Introduction: Arginine metabolism is involved in the regulation of several biological processes. Many liquid chromatography tandem-mass spectrometry methods for the determination of arginine and its metabolites have been developed but they are time consuming and imply long pre-analytical procedures. The purpose of this study was to develop a rapid method for the simultaneous determination of arginine, citrulline, ornithine, symmetric and asymmetric dimethylarginine and monomethylarginine in human plasma.
Materials and methods: The pre-analytical procedure consisted in a simple deproteinization. The chromatographic separation was performed using hydrophilic interaction liquid chromatography. Analytes detection was performed with a triple quadrupole equipped with electrospray ion source operating in positive ion mode. Mass spectrometry experiments were conducted in multiple reaction monitoring mode.
Results and conclusions: Recovery ranged from 92.2 to 108.0%. The within-run imprecision and between-run imprecision ranged from 1.5 to 6.8 % and 3.8 to 11.9%, respectively.
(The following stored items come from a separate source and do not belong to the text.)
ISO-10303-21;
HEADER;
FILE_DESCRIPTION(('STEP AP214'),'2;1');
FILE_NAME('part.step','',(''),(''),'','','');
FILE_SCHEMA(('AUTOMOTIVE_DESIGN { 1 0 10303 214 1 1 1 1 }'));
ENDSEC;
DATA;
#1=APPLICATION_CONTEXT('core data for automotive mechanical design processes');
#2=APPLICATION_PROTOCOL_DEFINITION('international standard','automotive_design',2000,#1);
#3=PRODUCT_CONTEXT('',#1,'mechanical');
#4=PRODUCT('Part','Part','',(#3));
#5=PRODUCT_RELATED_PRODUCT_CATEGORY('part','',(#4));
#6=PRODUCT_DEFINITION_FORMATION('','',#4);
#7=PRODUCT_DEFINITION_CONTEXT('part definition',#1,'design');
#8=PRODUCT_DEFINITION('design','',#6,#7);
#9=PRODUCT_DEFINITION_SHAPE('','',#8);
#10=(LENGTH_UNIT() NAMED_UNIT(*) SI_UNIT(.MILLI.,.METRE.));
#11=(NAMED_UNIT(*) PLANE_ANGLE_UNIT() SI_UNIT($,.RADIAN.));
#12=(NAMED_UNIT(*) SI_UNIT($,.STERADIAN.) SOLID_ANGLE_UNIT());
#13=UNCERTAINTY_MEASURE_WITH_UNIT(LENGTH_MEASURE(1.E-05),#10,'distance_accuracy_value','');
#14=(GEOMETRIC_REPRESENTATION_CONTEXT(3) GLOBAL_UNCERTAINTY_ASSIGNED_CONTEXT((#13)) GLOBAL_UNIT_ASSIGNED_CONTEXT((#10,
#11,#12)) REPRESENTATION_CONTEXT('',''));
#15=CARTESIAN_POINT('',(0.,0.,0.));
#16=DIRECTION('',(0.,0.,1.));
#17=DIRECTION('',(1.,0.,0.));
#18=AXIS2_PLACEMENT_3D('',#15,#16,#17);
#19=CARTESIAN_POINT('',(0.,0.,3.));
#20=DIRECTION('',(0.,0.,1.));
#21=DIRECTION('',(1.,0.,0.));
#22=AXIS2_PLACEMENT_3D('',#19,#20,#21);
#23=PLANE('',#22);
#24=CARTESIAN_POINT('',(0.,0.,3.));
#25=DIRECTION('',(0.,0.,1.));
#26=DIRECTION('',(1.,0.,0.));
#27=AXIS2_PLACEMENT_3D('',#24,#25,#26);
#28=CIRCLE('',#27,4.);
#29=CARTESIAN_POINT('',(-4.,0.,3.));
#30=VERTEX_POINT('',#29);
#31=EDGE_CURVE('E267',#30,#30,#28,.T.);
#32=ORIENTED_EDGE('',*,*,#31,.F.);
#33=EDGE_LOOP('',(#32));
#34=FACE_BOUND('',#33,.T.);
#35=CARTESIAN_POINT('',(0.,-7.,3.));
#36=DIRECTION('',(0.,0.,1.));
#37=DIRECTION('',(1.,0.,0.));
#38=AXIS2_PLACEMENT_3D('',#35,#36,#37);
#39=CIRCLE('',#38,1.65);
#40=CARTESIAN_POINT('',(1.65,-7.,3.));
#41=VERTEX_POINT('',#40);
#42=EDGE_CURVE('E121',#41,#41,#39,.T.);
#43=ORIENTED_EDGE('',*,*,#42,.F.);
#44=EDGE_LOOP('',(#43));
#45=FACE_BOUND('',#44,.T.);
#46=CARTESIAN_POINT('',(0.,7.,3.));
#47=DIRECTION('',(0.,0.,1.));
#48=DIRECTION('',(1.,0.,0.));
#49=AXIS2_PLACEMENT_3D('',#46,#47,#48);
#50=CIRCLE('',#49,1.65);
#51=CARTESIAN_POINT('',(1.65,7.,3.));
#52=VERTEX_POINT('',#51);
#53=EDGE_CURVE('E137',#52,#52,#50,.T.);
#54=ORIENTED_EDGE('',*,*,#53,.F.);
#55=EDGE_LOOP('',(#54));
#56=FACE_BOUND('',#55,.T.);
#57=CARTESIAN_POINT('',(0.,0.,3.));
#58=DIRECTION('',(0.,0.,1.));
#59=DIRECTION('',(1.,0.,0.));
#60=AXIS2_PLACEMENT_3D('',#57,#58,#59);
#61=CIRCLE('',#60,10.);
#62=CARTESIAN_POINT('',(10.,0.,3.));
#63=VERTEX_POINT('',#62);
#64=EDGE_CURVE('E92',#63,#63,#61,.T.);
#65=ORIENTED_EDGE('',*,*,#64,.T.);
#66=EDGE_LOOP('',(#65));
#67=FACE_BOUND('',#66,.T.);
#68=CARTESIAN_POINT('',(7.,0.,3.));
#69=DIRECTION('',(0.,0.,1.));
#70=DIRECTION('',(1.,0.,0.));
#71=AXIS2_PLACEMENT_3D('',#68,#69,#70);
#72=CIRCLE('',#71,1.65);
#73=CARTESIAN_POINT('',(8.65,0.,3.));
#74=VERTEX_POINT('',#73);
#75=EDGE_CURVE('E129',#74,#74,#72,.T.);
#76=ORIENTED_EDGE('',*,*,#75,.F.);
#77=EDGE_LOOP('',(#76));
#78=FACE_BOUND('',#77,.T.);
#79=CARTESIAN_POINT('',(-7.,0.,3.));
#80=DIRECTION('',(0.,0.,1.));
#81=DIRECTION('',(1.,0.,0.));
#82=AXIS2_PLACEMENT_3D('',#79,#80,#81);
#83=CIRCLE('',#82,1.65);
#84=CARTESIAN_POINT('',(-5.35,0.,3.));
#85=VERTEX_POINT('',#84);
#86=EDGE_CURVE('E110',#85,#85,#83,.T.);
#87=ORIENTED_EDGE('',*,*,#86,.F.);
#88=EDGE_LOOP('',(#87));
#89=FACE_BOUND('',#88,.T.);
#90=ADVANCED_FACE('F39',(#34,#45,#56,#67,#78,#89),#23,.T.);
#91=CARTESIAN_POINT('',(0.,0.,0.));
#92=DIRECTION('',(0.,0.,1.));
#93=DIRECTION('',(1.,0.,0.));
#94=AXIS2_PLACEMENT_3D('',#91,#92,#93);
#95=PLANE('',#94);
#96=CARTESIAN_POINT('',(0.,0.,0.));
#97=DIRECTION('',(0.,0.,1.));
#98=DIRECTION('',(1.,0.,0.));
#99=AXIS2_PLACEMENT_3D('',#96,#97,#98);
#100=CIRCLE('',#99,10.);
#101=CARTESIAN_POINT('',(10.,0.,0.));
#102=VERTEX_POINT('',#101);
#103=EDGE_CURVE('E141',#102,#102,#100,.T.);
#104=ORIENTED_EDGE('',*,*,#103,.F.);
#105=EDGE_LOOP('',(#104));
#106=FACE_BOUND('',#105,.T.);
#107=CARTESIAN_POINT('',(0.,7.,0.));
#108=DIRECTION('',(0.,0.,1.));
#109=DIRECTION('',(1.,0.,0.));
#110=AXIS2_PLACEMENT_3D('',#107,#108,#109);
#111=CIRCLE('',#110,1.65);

Carry over and matrix effect did not affect quantitative analysis. Extraction recovery was between 95 and 105 %. Stability after pre-analytical procedure was tested and all the metabolites were stable after 48 h at 4 °C. In conclusion, our novel method allow a rapid and easy determination of arginine and its metabolites both for research and clinical routine use.
Keywords: Arginine; HILIC; Nitric Oxide Synthase; UPLC-MS/MS.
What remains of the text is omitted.